Saved entries
※
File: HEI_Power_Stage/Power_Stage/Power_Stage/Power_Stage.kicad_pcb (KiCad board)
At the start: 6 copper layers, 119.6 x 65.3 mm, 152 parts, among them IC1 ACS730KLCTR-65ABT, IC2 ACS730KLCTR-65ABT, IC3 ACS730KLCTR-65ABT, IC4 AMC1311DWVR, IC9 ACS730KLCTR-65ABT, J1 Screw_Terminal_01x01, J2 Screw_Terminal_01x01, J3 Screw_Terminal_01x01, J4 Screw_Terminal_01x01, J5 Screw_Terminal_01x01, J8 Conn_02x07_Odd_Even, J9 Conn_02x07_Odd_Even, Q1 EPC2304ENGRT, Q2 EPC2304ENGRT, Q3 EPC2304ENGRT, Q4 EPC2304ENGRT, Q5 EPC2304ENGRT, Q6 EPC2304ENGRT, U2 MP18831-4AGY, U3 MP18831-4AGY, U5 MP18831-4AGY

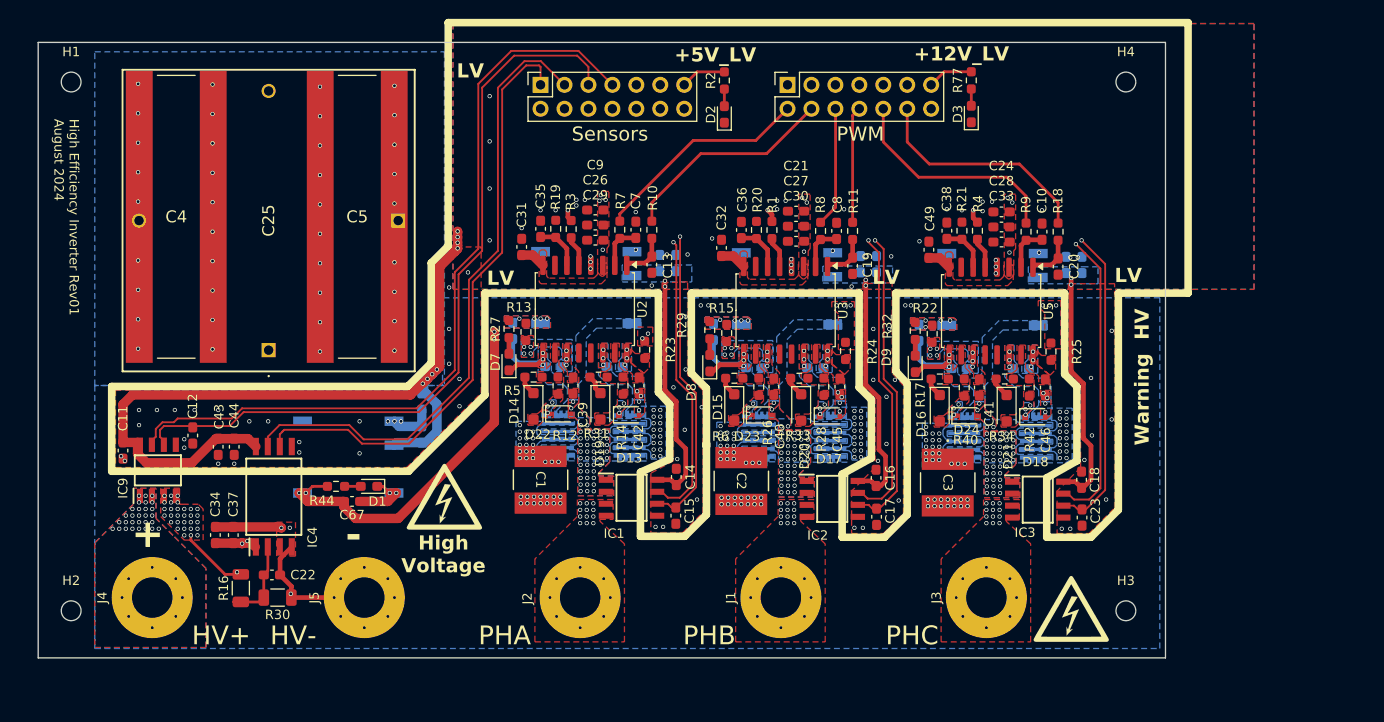
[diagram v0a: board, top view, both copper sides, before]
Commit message: allegro gate driver version schematic overhall and layout
layout and routing almost complete for allegro gate drivers
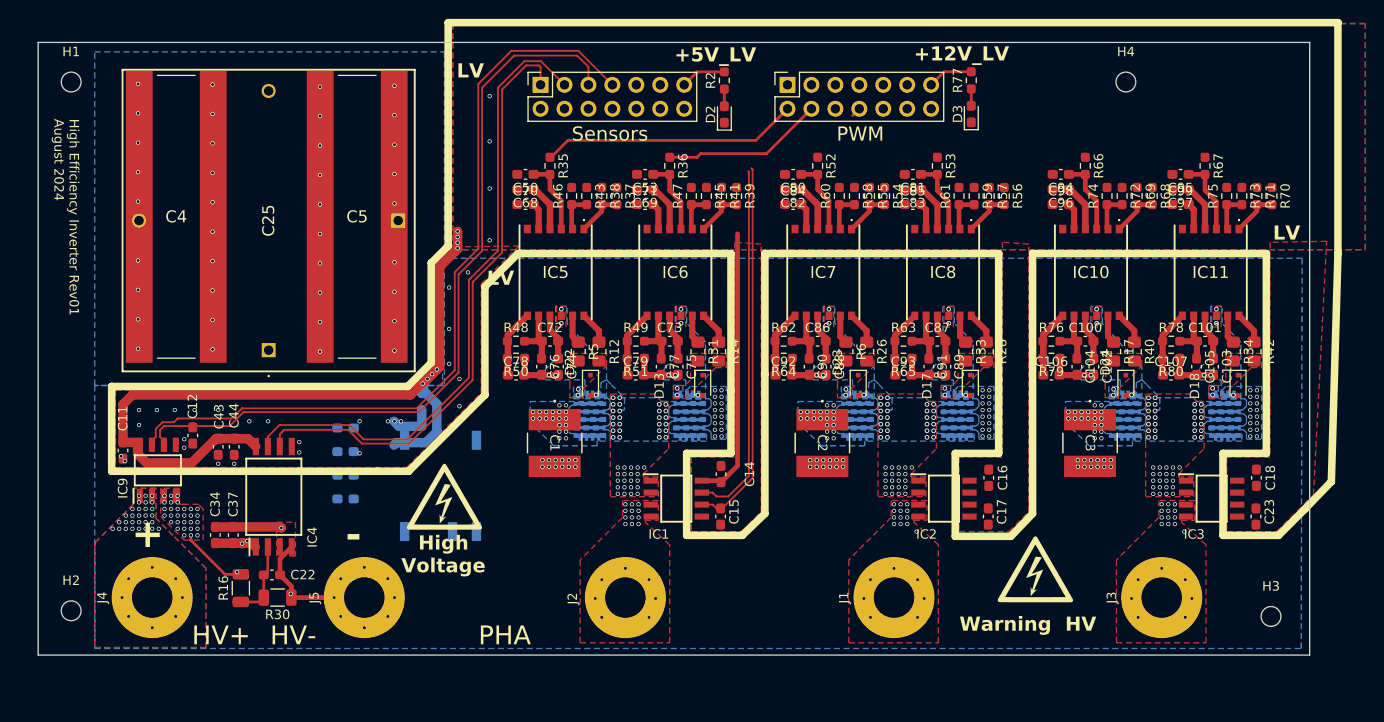
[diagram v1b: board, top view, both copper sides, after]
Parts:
- removed C13, C19, C20: 470pF, Capacitor_SMD:C_0603_1608Metric_Pad1.08x0.95mm_HandSolder
- removed C21, C24: 10uF, Capacitor_SMD:C_0603_1608Metric_Pad1.08x0.95mm_HandSolder
- removed C26, C27, C28, C39, C40, C41, C42, C45, C46, C59, C60, C61, C66: 1uF, Capacitor_SMD:C_0603_1608Metric_Pad1.08x0.95mm_HandSolder
- removed C29, C30, C31, C32, C33, C47, C48, C49, C51, C52, C54, C55: 0.1uF, Capacitor_SMD:C_0603_1608Metric_Pad1.08x0.95mm_HandSolder
- removed C35, C36, C38: 2.2nF, Capacitor_SMD:C_0603_1608Metric_Pad1.08x0.95mm_HandSolder
- removed C56, C57, C58, C62, C63, C64, C65, C67: 4.7uF, Capacitor_SMD:C_0603_1608Metric_Pad1.08x0.95mm_HandSolder
- removed D1, D7, D8, D9: G, LED_SMD:LED_0603_1608Metric_Pad1.05x0.95mm_HandSolder
- removed D14, D15, D16, D19, D20, D21: 300mV 1A, Diode_SMD:D_SOD-123F
- removed PS2, PS3, PS4: CRE1S0505MC, CRE1S0505MC_KiCad:CRE1S0505MC
- removed R1, R10, R11, R13, R15, R18, R22, R23, R24, R25, R3, R4, R7, R8, R9: 0, Resistor_SMD:R_0603_1608Metric_Pad0.98x0.95mm_HandSolder
- removed R19, R20, R21: 10k, Resistor_SMD:R_0603_1608Metric_Pad0.98x0.95mm_HandSolder
- removed R27, R29, R32, R44: 440, Resistor_SMD:R_0603_1608Metric_Pad0.98x0.95mm_HandSolder
- removed U2, U3, U5: MP18831-4AGY, Package_SO:SOIC-16W_7.5x10.3mm_P1.27mm
- added C100: 100nF, Capacitor_SMD:C_0603_1608Metric_Pad1.08x0.95mm_HandSolder, F.Cu at (210.1, 72.7)
- added C101: 100nF, Capacitor_SMD:C_0603_1608Metric_Pad1.08x0.95mm_HandSolder, F.Cu at (222.8, 72.7)
- added C102: 100nF, Capacitor_SMD:C_0603_1608Metric_Pad1.08x0.95mm_HandSolder, F.Cu at (211.0, 75.4)
- added C103: 100nF, Capacitor_SMD:C_0603_1608Metric_Pad1.08x0.95mm_HandSolder, F.Cu at (223.7, 75.4)
- added C104: 100nF, Capacitor_SMD:C_0603_1608Metric_Pad1.08x0.95mm_HandSolder, F.Cu at (209.2, 75.4)
- added C105: 100nF, Capacitor_SMD:C_0603_1608Metric_Pad1.08x0.95mm_HandSolder, F.Cu at (221.9, 75.4)
- added C106: 100pF, Capacitor_SMD:C_0603_1608Metric_Pad1.08x0.95mm_HandSolder, F.Cu at (206.5, 76.3)
- added C107: 100pF, Capacitor_SMD:C_0603_1608Metric_Pad1.08x0.95mm_HandSolder, F.Cu at (219.2, 76.3)
- added C50: 75pF, Capacitor_SMD:C_0603_1608Metric_Pad1.08x0.95mm_HandSolder, F.Cu at (150.7, 55.0)
- added C53: 75pF, Capacitor_SMD:C_0603_1608Metric_Pad1.08x0.95mm_HandSolder, F.Cu at (163.4, 55.0)
- added C68: 1uF, Capacitor_SMD:C_0603_1608Metric_Pad1.08x0.95mm_HandSolder, F.Cu at (150.7, 56.6)
- added C69: 1uF, Capacitor_SMD:C_0603_1608Metric_Pad1.08x0.95mm_HandSolder, F.Cu at (163.4, 56.6)
- added C70: 1uF, Capacitor_SMD:C_0603_1608Metric_Pad1.08x0.95mm_HandSolder, F.Cu at (150.7, 58.2)
- added C71: 1uF, Capacitor_SMD:C_0603_1608Metric_Pad1.08x0.95mm_HandSolder, F.Cu at (163.4, 58.2)
- added C72: 100nF, Capacitor_SMD:C_0603_1608Metric_Pad1.08x0.95mm_HandSolder, F.Cu at (153.3, 72.7)
- added C73: 100nF, Capacitor_SMD:C_0603_1608Metric_Pad1.08x0.95mm_HandSolder, F.Cu at (166.0, 72.7)
- added C74: 100nF, Capacitor_SMD:C_0603_1608Metric_Pad1.08x0.95mm_HandSolder, F.Cu at (154.2, 75.4)
- added C75: 100nF, Capacitor_SMD:C_0603_1608Metric_Pad1.08x0.95mm_HandSolder, F.Cu at (166.9, 75.4)
- added C76: 100nF, Capacitor_SMD:C_0603_1608Metric_Pad1.08x0.95mm_HandSolder, F.Cu at (152.4, 75.4)
- added C77: 100nF, Capacitor_SMD:C_0603_1608Metric_Pad1.08x0.95mm_HandSolder, F.Cu at (165.1, 75.4)
- added C78: 100pF, Capacitor_SMD:C_0603_1608Metric_Pad1.08x0.95mm_HandSolder, F.Cu at (149.7, 76.3)
- added C79: 100pF, Capacitor_SMD:C_0603_1608Metric_Pad1.08x0.95mm_HandSolder, F.Cu at (162.4, 76.3)
- added C80: 75pF, Capacitor_SMD:C_0603_1608Metric_Pad1.08x0.95mm_HandSolder, F.Cu at (179.1, 55.0)
- added C81: 75pF, Capacitor_SMD:C_0603_1608Metric_Pad1.08x0.95mm_HandSolder, F.Cu at (191.8, 55.0)
- added C82: 1uF, Capacitor_SMD:C_0603_1608Metric_Pad1.08x0.95mm_HandSolder, F.Cu at (179.1, 56.6)
- added C83: 1uF, Capacitor_SMD:C_0603_1608Metric_Pad1.08x0.95mm_HandSolder, F.Cu at (191.8, 56.6)
- added C84: 1uF, Capacitor_SMD:C_0603_1608Metric_Pad1.08x0.95mm_HandSolder, F.Cu at (179.1, 58.2)
- added C85: 1uF, Capacitor_SMD:C_0603_1608Metric_Pad1.08x0.95mm_HandSolder, F.Cu at (191.8, 58.2)
- added C86: 100nF, Capacitor_SMD:C_0603_1608Metric_Pad1.08x0.95mm_HandSolder, F.Cu at (181.7, 72.7)
- added C87: 100nF, Capacitor_SMD:C_0603_1608Metric_Pad1.08x0.95mm_HandSolder, F.Cu at (194.4, 72.7)
- added C88: 100nF, Capacitor_SMD:C_0603_1608Metric_Pad1.08x0.95mm_HandSolder, F.Cu at (182.6, 75.4)
- added C89: 100nF, Capacitor_SMD:C_0603_1608Metric_Pad1.08x0.95mm_HandSolder, F.Cu at (195.3, 75.4)
- added C90: 100nF, Capacitor_SMD:C_0603_1608Metric_Pad1.08x0.95mm_HandSolder, F.Cu at (180.8, 75.4)
- added C91: 100nF, Capacitor_SMD:C_0603_1608Metric_Pad1.08x0.95mm_HandSolder, F.Cu at (193.5, 75.4)
- added C92: 100pF, Capacitor_SMD:C_0603_1608Metric_Pad1.08x0.95mm_HandSolder, F.Cu at (178.1, 76.3)
- added C93: 100pF, Capacitor_SMD:C_0603_1608Metric_Pad1.08x0.95mm_HandSolder, F.Cu at (190.8, 76.3)
- added C94: 75pF, Capacitor_SMD:C_0603_1608Metric_Pad1.08x0.95mm_HandSolder, F.Cu at (207.5, 55.0)
- added C95: 75pF, Capacitor_SMD:C_0603_1608Metric_Pad1.08x0.95mm_HandSolder, F.Cu at (220.2, 55.0)
- added C96: 1uF, Capacitor_SMD:C_0603_1608Metric_Pad1.08x0.95mm_HandSolder, F.Cu at (207.5, 56.6)
- added C97: 1uF, Capacitor_SMD:C_0603_1608Metric_Pad1.08x0.95mm_HandSolder, F.Cu at (220.2, 56.6)
- added C98: 1uF, Capacitor_SMD:C_0603_1608Metric_Pad1.08x0.95mm_HandSolder, F.Cu at (207.5, 58.2)
- added C99: 1uF, Capacitor_SMD:C_0603_1608Metric_Pad1.08x0.95mm_HandSolder, F.Cu at (220.2, 58.2)
- added IC10: AHV85111KNHTR, AHV85111_KiCad:AHV85111KNHTR, F.Cu at (210.7, 65.4)
- added IC11: AHV85111KNHTR, AHV85111_KiCad:AHV85111KNHTR, F.Cu at (223.4, 65.4)
- added IC5: AHV85111KNHTR, AHV85111_KiCad:AHV85111KNHTR, F.Cu at (153.9, 65.4)
- added IC6: AHV85111KNHTR, AHV85111_KiCad:AHV85111KNHTR, F.Cu at (166.6, 65.4)
- added IC7: AHV85111KNHTR, AHV85111_KiCad:AHV85111KNHTR, F.Cu at (182.3, 65.4)
- added IC8: AHV85111KNHTR, AHV85111_KiCad:AHV85111KNHTR, F.Cu at (195.0, 65.4)
- added R35: 0, Resistor_SMD:R_0603_1608Metric_Pad0.98x0.95mm_HandSolder, F.Cu at (153.3, 54.1)
- added R36: 0, Resistor_SMD:R_0603_1608Metric_Pad0.98x0.95mm_HandSolder, F.Cu at (166.0, 54.1)
- added R37: 0, Resistor_SMD:R_0603_1608Metric_Pad0.98x0.95mm_HandSolder, F.Cu at (160.4, 57.3)
- added R38: 0, Resistor_SMD:R_0603_1608Metric_Pad0.98x0.95mm_HandSolder, F.Cu at (158.8, 57.3)
- added R39: 0, Resistor_SMD:R_0603_1608Metric_Pad0.98x0.95mm_HandSolder, F.Cu at (173.1, 57.3)
- added R41: 0, Resistor_SMD:R_0603_1608Metric_Pad0.98x0.95mm_HandSolder, F.Cu at (171.5, 57.3)
- added R43: 100k, Resistor_SMD:R_0603_1608Metric_Pad0.98x0.95mm_HandSolder, F.Cu at (157.2, 57.3)
- added R45: 100k, Resistor_SMD:R_0603_1608Metric_Pad0.98x0.95mm_HandSolder, F.Cu at (169.9, 57.3)
- added R46: 0, Resistor_SMD:R_0603_1608Metric_Pad0.98x0.95mm_HandSolder, F.Cu at (155.6, 57.3)
- added R47: 0, Resistor_SMD:R_0603_1608Metric_Pad0.98x0.95mm_HandSolder, F.Cu at (168.3, 57.3)
- added R48: 32.4k, Resistor_SMD:R_0603_1608Metric_Pad0.98x0.95mm_HandSolder, F.Cu at (149.7, 72.7)
- added R49: 32.4k, Resistor_SMD:R_0603_1608Metric_Pad0.98x0.95mm_HandSolder, F.Cu at (162.4, 72.7)
- added R50: 100k, Resistor_SMD:R_0603_1608Metric_Pad0.98x0.95mm_HandSolder, F.Cu at (149.7, 74.5)
- added R51: 100k, Resistor_SMD:R_0603_1608Metric_Pad0.98x0.95mm_HandSolder, F.Cu at (162.4, 74.5)
- added R52: 0, Resistor_SMD:R_0603_1608Metric_Pad0.98x0.95mm_HandSolder, F.Cu at (181.7, 54.1)
- added R53: 0, Resistor_SMD:R_0603_1608Metric_Pad0.98x0.95mm_HandSolder, F.Cu at (194.4, 54.1)
- added R54: 0, Resistor_SMD:R_0603_1608Metric_Pad0.98x0.95mm_HandSolder, F.Cu at (188.8, 57.3)
- added R55: 0, Resistor_SMD:R_0603_1608Metric_Pad0.98x0.95mm_HandSolder, F.Cu at (187.2, 57.3)
- added R56: 0, Resistor_SMD:R_0603_1608Metric_Pad0.98x0.95mm_HandSolder, F.Cu at (201.5, 57.3)
- added R57: 0, Resistor_SMD:R_0603_1608Metric_Pad0.98x0.95mm_HandSolder, F.Cu at (199.9, 57.3)
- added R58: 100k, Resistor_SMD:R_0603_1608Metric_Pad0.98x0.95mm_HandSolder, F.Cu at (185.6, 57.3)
※
• **Work order**
When you reach the line with "at (157.2, 57.3)" in the records above, start writing out lines exactly, and stop once the line with "at (187.2, 57.3)" has been written; include nothing else.

• **Problem solution**
- added R43: 100k, Resistor_SMD:R_0603_1608Metric_Pad0.98x0.95mm_HandSolder, F.Cu at (157.2, 57.3)
- added R45: 100k, Resistor_SMD:R_0603_1608Metric_Pad0.98x0.95mm_HandSolder, F.Cu at (169.9, 57.3)
- added R46: 0, Resistor_SMD:R_0603_1608Metric_Pad0.98x0.95mm_HandSolder, F.Cu at (155.6, 57.3)
- added R47: 0, Resistor_SMD:R_0603_1608Metric_Pad0.98x0.95mm_HandSolder, F.Cu at (168.3, 57.3)
- added R48: 32.4k, Resistor_SMD:R_0603_1608Metric_Pad0.98x0.95mm_HandSolder, F.Cu at (149.7, 72.7)
- added R49: 32.4k, Resistor_SMD:R_0603_1608Metric_Pad0.98x0.95mm_HandSolder, F.Cu at (162.4, 72.7)
- added R50: 100k, Resistor_SMD:R_0603_1608Metric_Pad0.98x0.95mm_HandSolder, F.Cu at (149.7, 74.5)
- added R51: 100k, Resistor_SMD:R_0603_1608Metric_Pad0.98x0.95mm_HandSolder, F.Cu at (162.4, 74.5)
- added R52: 0, Resistor_SMD:R_0603_1608Metric_Pad0.98x0.95mm_HandSolder, F.Cu at (181.7, 54.1)
- added R53: 0, Resistor_SMD:R_0603_1608Metric_Pad0.98x0.95mm_HandSolder, F.Cu at (194.4, 54.1)
- added R54: 0, Resistor_SMD:R_0603_1608Metric_Pad0.98x0.95mm_HandSolder, F.Cu at (188.8, 57.3)
- added R55: 0, Resistor_SMD:R_0603_1608Metric_Pad0.98x0.95mm_HandSolder, F.Cu at (187.2, 57.3)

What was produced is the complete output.